L’époque de tous les dangers
Après guerre, les choses se compliquent, d’autant qu’en 1963, est assassiné Kennedy, image même du Président « qui ressemble à une vedette de cinéma »…L’image est en quelque sorte brouillée alors que la fonction est devenue plus difficile en ces temps de Guerre froide…Dans Point limite (Sidney Lumet, 1964), Henri Fonda négocie durement avec l’URSS et doit même consentir à « atomiser » New York, pour compenser une attaque nucléaire fortuite contre le rival soviétique…L’exercice du pouvoir est bien lourd à porter. Sur le même thème, Peter Sellers dans Docteur Folamour (Stanley Kubrick, 1963) a un air pincé d’intellectuel bureaucrate : l’acteur britannique, qui joue deux autres rôles dans le même film, s’est fait une tête de petit chauve à lunettes, qui « feint la maîtrise de l’affolement ». En fait, il est complètement dépassé par les événements (un général d’extrême-droite lance une attaque surprise contre l’Union soviétique) : il est impuissant face aux manœuvres du complexe militaro-industriel dénoncé en son temps par Eisenhower (le représentant de ce milieu belliciste est incarné par George C. Scott). Dans Sept jours en mai de John Frankenheimer (1964), le Président interprété par Frederic March accuse bien son âge : il est peu aimé, très impliqué dans le sérail politicien de Washington. Mais il doit faire face à un complot d’extrême-droite, mené par un actif général hostile à la Détente (Burt Lancaster). Comme l’aurait dit Churchill, la démocratie reste le pire régime politique, à l’exception de tous les autres…

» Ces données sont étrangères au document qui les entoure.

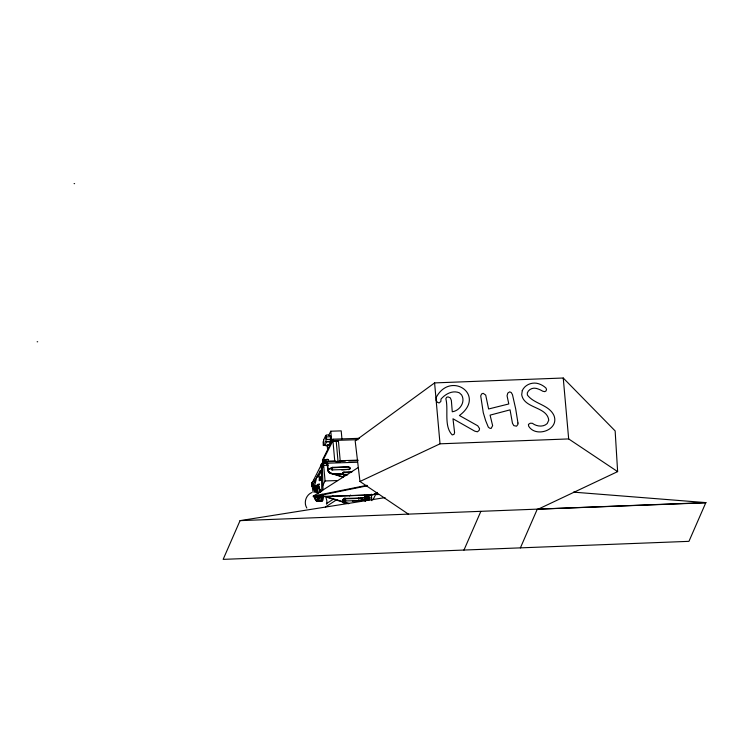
<?xml version="1.0" encoding="UTF-8"?>
<svg xmlns="http://www.w3.org/2000/svg" width="743" height="743" viewBox="0 0 743 743"><rect width="100%" height="100%" fill="white"/><g stroke="black" fill="none" stroke-linecap="round" stroke-linejoin="round"><path stroke-width="1.11" d="M320.335 470.57L315.506 479.746L315.394 482.012M316.314 492.544L316.685 487.297L317.372 484.715L318.236 484.232L319.973 490.38L320.447 489.433L320.502 490.027M317.54 492.507L317.911 487.25L318.589 484.668L319.462 484.185L318.589 484.668L317.874 487.492L317.53 492.07M324.264 445.438C329.325 442.698 321.06 431.757 330.013 435.742M315.348 488.699L315.366 488.3M323.604 439.782L324.245 445.382M315.469 499.231C317.242 502.955 323.753 501.441 321.933 496.742M365.389 499.11L365.036 498.702L365.064 499.25M326.697 504.172L326.892 500.81L326.131 498.191M323.029 489.897L322.36 465.053L323.075 463.883L327.05 463.177L327.886 470.681L329.363 472.836L343.015 477.238M315.366 488.225L314.948 486.981M313.174 484.529L315.496 479.746M320.456 478.492L320.53 480.359M316.109 491.996L317.372 484.715L318.292 484.278L319.973 490.38M320.456 478.473C320.344 471.034 317.595 486.637 320.521 478.232L319.314 478.186M321.905 497.764L321.422 500.559L322.648 500.513L323.159 495.627L322.648 500.513L321.152 501.33M369.642 498.488L369.726 497.754C369.28 494.857 365.138 495.841 365.417 498.562L365.575 499.101M347.724 474.498L330.941 473.653L328.23 471.48L327.719 469.836L332.53 467.347L348.653 466.827L349.897 467.514L349.804 468.982M350.074 468.044L349.721 469.093M361.665 499.872L361.646 498.674L360.401 497.986L344.278 498.507L343.182 499.212L343.87 500.893L343.09 499.528M361.822 499.203L360.624 500.513L344.111 500.996M311.809 483.294L312.469 481.993M313.1 492.265L311.763 483.702L312.478 482.021M321.83 491.086L321.31 467.013C319.852 463.586 323.437 461.914 326.177 461.654C330.106 463.446 325.35 472.111 331.137 473.272L343.21 476.848M315.329 488.81L315.097 489.247M318.561 499.092C314.865 497.541 321.208 497.373 317.688 499.435M366.308 499.723L365.974 498.377L366.838 497.652L368.342 498.312L368.324 499.537M365.491 497.996L366.169 497.986L365.89 498.925M368.305 500.197L367.804 499.723L368.63 499.008L368.537 497.921L367.033 497.262L367.618 495.962M327.942 444.676L327.617 445.484M315.311 480.284C317.103 478.659 313.472 489.823 313.184 485.773M323.549 445.447L323.539 442.382M342.904 500.076L344.083 498.897L360.206 498.377L361.349 498.952M366.188 497.968L366.996 497.271L365.76 497.411M315.404 497.476L315.979 500.095M326.418 462.87L327.161 463.604C328.034 459.657 320.874 462.406 321.134 465.09L311.763 483.702L312.58 483.674M330.533 435.695L330.867 439.308L326.567 439.447L326.372 435.537L326.567 439.447M316.026 492.312L316.416 485.43L315.069 485.476A5.452 0.957 88.1 0 1 314.67 492.358M324.217 445.224C328.647 447.518 331.183 442.763 330.236 439.122M317.02 498.85L318.143 498.284L318.227 499.677M315.097 498.302L315.747 496.807L315.208 499.454M331.629 467.969L331.137 469.037L331.684 469.947L331.146 468.759L332.53 467.347L331.545 467.858L331.387 468.935L332.753 469.873L348.876 469.353L349.916 468.703M343.684 474.508L342.848 473.105L343.489 472.232L352.098 471.824M340.313 462.035L338.464 441.323L337.303 440.766L333.923 441.11L333.04 441.844L334.787 461.431M385.06 497.606L240.045 520.639L223.151 559.368L688.956 541.341L705.85 502.612L573.457 492.135M463.938 550.136L480.832 511.407M520.369 547.935L537.263 509.206M323.224 441.797L323.261 445.577M315.617 479.941L317.902 475.009L318.208 477.21L320.354 472.947L320.344 470.598M325.016 460.316L325.889 459.508M325.675 435.593L323.604 440.014M328.731 435.296L330.793 431.209L341.204 430.875L341.929 438.927M359.259 438.333L332.92 439.178L322.453 459.973L322.564 461.273L324.858 461.199M328.582 459.889C328.1 458.059 322.945 460.957 322.564 461.273L333.04 440.488L332.92 439.178M322.063 466.511L323.484 463.688L323.381 462.508M325.23 460.14L326.753 459.425L326.966 461.728M322.183 468.359L323.679 465.415L327.821 465.276L326.502 464.486L327.273 463.734M338.251 441.686L337.526 441.333L338.362 441.491M320.205 490.547L317.902 493.919M319.137 492.711L320.623 489.767M322.592 485.848L325.062 480.944L323.679 465.415M322.109 494.169L318.153 496.863L313.212 496.11L367.005 485.3M332.66 470.068L331.332 468.657L331.824 467.579M333.273 496.435L332.493 495.934L332.985 496.203M342.941 474.452L344.074 475L343.879 474.573C339.133 472.687 329.446 476.384 327.914 469.455L331.545 467.858M331.842 467.858L348.653 466.827M341.771 469.966L348.876 469.353M345.495 500.754L345.439 498.822A1.393 1.3 26.7 0 0 345.254 498.256M344.399 501.228L343.99 500.94M349.396 495.915L350.529 495.079M360.206 498.377L364.748 497.513M359.064 500.977L358.73 498.59A1.393 1.3 26.7 0 1 358.832 497.968M352.368 501.163L360.624 500.513M368.509 498.841L369.197 497.866M358.191 467.551L313.165 496.24L318.153 496.863L370.488 494.968A10.913 10.216 26.7 0 0 377.1 492.395M373.023 499.705L375.596 494.597L379.004 494.485M327.459 459.601L328.36 459.592M369.475 498.767L369.271 499.222L369.726 497.754L369.113 499.277L367.469 499.695L365.76 497.884M361.469 500.253L360.429 500.903M319.694 491.299L319.276 491.894M319.852 491.067L320.4 490.222L320.595 492.321M349.572 469.344L348.681 469.743M361.237 500.587L364.943 499.714M368.825 499.872L366.503 500.123M342.82 473.096L343.842 472.474L350.752 472.251M316.527 487.668L316.472 486.451M368.63 499.008L369.03 499.63L369.382 498.432C369.252 496.045 365.212 496.027 365.417 498.562L365.37 498.042M342.867 472.985L344.037 472.084L342.848 473.393L343.879 474.573M343.099 499.407L344.278 498.507L342.894 499.918L343.433 501.116L342.885 500.206M368.537 497.921L369.085 497.578M320.122 491.56L320.725 491.095M537.867 509.317L617.628 471.619L615.148 430.931L563.24 378.011L434.59 382.905L355.173 440.878L359.965 481.473L408.548 514.23M369.271 499.12L367.915 499.733L366.178 498.869M368.927 499.807L366.801 500.29M313.267 484.046L313.453 486.628L313.193 485.848M361.46 500.15L364.962 499.89M320.038 491.625L319.081 492.284L319.908 491.727M326.4 503.643L333.282 499.212M325.36 507.07L336.913 499.612M311.8 492.544C305.958 494.949 303.432 502.695 306.831 508.026M368.296 496.863L367.581 497.253L368.5 496.956M318.589 498.943L317.41 498.451M366.494 497.531L365.612 497.624M359.965 481.473L440.023 443.822L568.674 438.927L617.628 471.619M322.091 501.033L317.363 501.46L315.273 499.621M367.033 497.262L368.426 496.658M324.115 460.911L322.564 461.273L324.106 460.679M333.226 441.463L333.867 441.24L333.04 440.488L358.228 439.67M322.564 461.273L323.929 460.846M324.877 459.722L325.527 459.555M336.198 461.719L339.152 461.487M323.484 463.688L325.982 462.935L325.871 461.756L345.309 461.124M335.771 461.821L340.08 461.784M320.679 501.023L321.635 501.219L320.902 500.977M333.273 441.453L333.923 441.286M328.527 459.638L327.877 459.471M367.218 485.82L313.546 496.742L370.831 494.894M327.877 465.127L326.679 464.654M318.255 496.658L313.704 496.853L315.088 496.045L314.874 495.516M338.892 461.83L338.028 461.44L336.18 440.72L334.731 440.933L337.991 441.175M320.92 501.386L319.899 501.488L319.685 496.491M360.912 498.07L364.767 497.699M366.169 497.986L365.027 498.488L366.085 498.544L366.996 499.649M74.077 183.651L74.606 183.632M37.15 341.78L37.679 341.761M538.183 509.169L705.766 502.797M240.045 520.639L705.85 502.612M326.79 436.875L331.081 436.735M326.084 441.509L330.375 441.37M326.047 442.001L330.338 441.862M324.31 445.447L328.61 445.308M328.295 461.087L335.158 460.874M339.737 460.725L358.061 460.131M348.736 461.013L357.885 460.716M327.357 463.214L357.485 462.239M321.134 465.09L322.36 465.053M321.31 467.013L322.527 466.976M344.074 475L347.529 474.888M314.382 480.675C314.4 485.346 313.509 477.916 314.382 480.675L315.738 480.637M325.062 480.944L337.619 480.545M313.964 481.51L314.642 481.483M312.236 484.938C312.236 489.628 311.363 482.151 312.236 484.938L313.592 484.891M311.819 485.773L312.497 485.746M313.983 487.612C313.992 492.303 313.109 484.826 313.983 487.612L315.338 487.566L315.199 486.795M313.565 488.448L314.921 488.402M322.564 500.68L321.338 500.726L320.967 496.519M364.572 495.572L364.999 497.68L365.24 496.63M348.458 467.217L349.6 467.784M334.044 441.073L333.04 440.488L334.907 440.859M320.112 490.686L320.967 490.891M333.04 440.488L335.028 441.008M324.635 496.203L348.783 503.364M325.536 496.918L348.588 503.754M343.684 474.963L342.857 474.368M368.008 500.355L367.256 499.742M311.791 483.489L311.763 483.702M323.242 441.806L323.53 442.373M361.293 498.293L361.618 500.234M316.044 500.197L318.348 501.154L316.899 501.311L315.849 500.587M330.858 439.308L330.561 438.704M349.312 467.477L349.879 468.434M361.061 498.637L361.627 499.593M368.305 499.463L368.714 499.955M315.784 500.476L315.106 498.404M315.404 490.761L315.264 489.219M315.348 487.733L314.289 491.002L314.038 489.265M563.24 378.011L568.674 438.927M434.59 382.905L440.023 443.822M371.314 494.169L371.89 500.671M371.166 497.021L371.454 500.271M368.296 497.392L368.5 499.667M365.974 496.426L366.03 497.039M364.971 495.46L365.454 500.875M364.516 494.949L365.092 501.349M345.439 498.822L345.671 501.414M330.793 431.209L331.722 441.565M327.189 445.141L327.598 449.747M315.311 498.014L315.404 499.129M344.733 498.014A1.393 1.3 26.7 0 1 345.337 499.027M345.263 502.444A1.393 1.3 26.7 0 1 343.127 502.064M345.161 502.649A1.393 1.3 26.7 0 1 343.025 502.268M361.274 497.94A1.393 1.3 26.7 0 1 361.46 498.507M376.998 492.6A10.913 10.216 26.7 0 1 370.385 495.172M517.964 423.036L517.908 424.411L516.543 426.194L513.822 425.628L512.456 423.241L510.06 409.857L490.083 415.133L492.637 425.683L491.086 428.488L489.488 428.107L488.29 427.086L485.643 420.622L483.275 412.69L480.712 395.898L481.603 393.957L483.154 393.316L485.708 395.09L488.606 408.984L508.797 403.96L507.06 395.778L507.785 393.093L509.661 391.867L511.24 392.518L512.484 394.691L515.688 408.891L517.964 423.036M436.373 397.106L436.15 400.431L437.33 402.288L439.141 402.975L440.85 401.443L441.008 399.093C445.41 393.966 452.589 389.991 459.341 392.806L461.598 394.895C465.759 401.963 459.852 410.712 452.273 411.789L451.363 400.468L450.351 397.895L448.001 396.873L446.608 397.329L445.856 398.731C448.688 409.987 443.645 426.12 452.227 434.934L454.019 434.376L454.595 432.621L452.989 418.764L474.74 431.144L477.424 431.804L479.179 430.355L479.541 428.562L477.758 425.804L459.425 415.504C486.591 395.295 450.862 370.534 436.373 397.106M522.264 390.642L521.707 394.691C523.991 408.817 546.987 406.282 548.761 420.176L547.22 423.556C543.189 427.401 536.52 426.491 532.36 423.287L530.242 423.231L528.412 424.411L528.663 426.176C535.879 438.221 559.878 429.835 553.86 415.281C548.678 404.526 534.133 404.108 527.4 395.053L527.298 392.936C528.579 389.453 532.582 387.456 536.158 388.375A22.708 21.343 24.1 0 1 542.771 391.236L544.786 391.645L546.059 390.929L546.523 389.406L545.994 388.097A17.498 16.439 24.1 0 0 536.548 383.23C530.827 382.376 524.642 385.218 522.264 390.642"/></g></svg>

Le Président face au cinéma engagé
La période suivante est marquée par l’engagement de certains réalisateurs américains : la guerre du Vietnam et le Watergate sont passés par là et les cinéastes sont plus politisés . La dénonciation des abus du pouvoir, et en particulier de la Présidence, est claire : Sidney Pollack dans Les trois jours du Condor (1971), Alan Pakula dans Les Hommes du président (1973), Robert Altman dans Secret Honor (1984). Il faut y ajouter la plupart des films d’Oliver Stone qui traitent souvent de sujets politiques et en particulier ceux sur Kennedy (JFK en 1992) et sur Nixon (Nixon en 1995). Les Présidents sont critiqués par la gauche américaine comme faisant partie d’un système oppressif…Oliver Stone a poussé loin cette conception paranoïaque de l’Histoire : sa thèse des multiples complots qui aboutissent à l’assassinat de Kennedy donne le vertige. Paradoxalement, le cinéaste est plus à l’aise pour évoquer les ambiguïtés du personnage de Nixon, interprété par Anthony Hopkins. Comme l’écrit alors le Monde, « il ne peut dissimuler la compréhension et la compassion que lui inspire cet homme peu à peu abandonné, brisé par un enchaînement funeste d’évènements ».. Mais sa vision de l’Histoire, que le réalisateur lui- même qualifie de « spéculation informée », lui a été vivement reprochée par certains historiens…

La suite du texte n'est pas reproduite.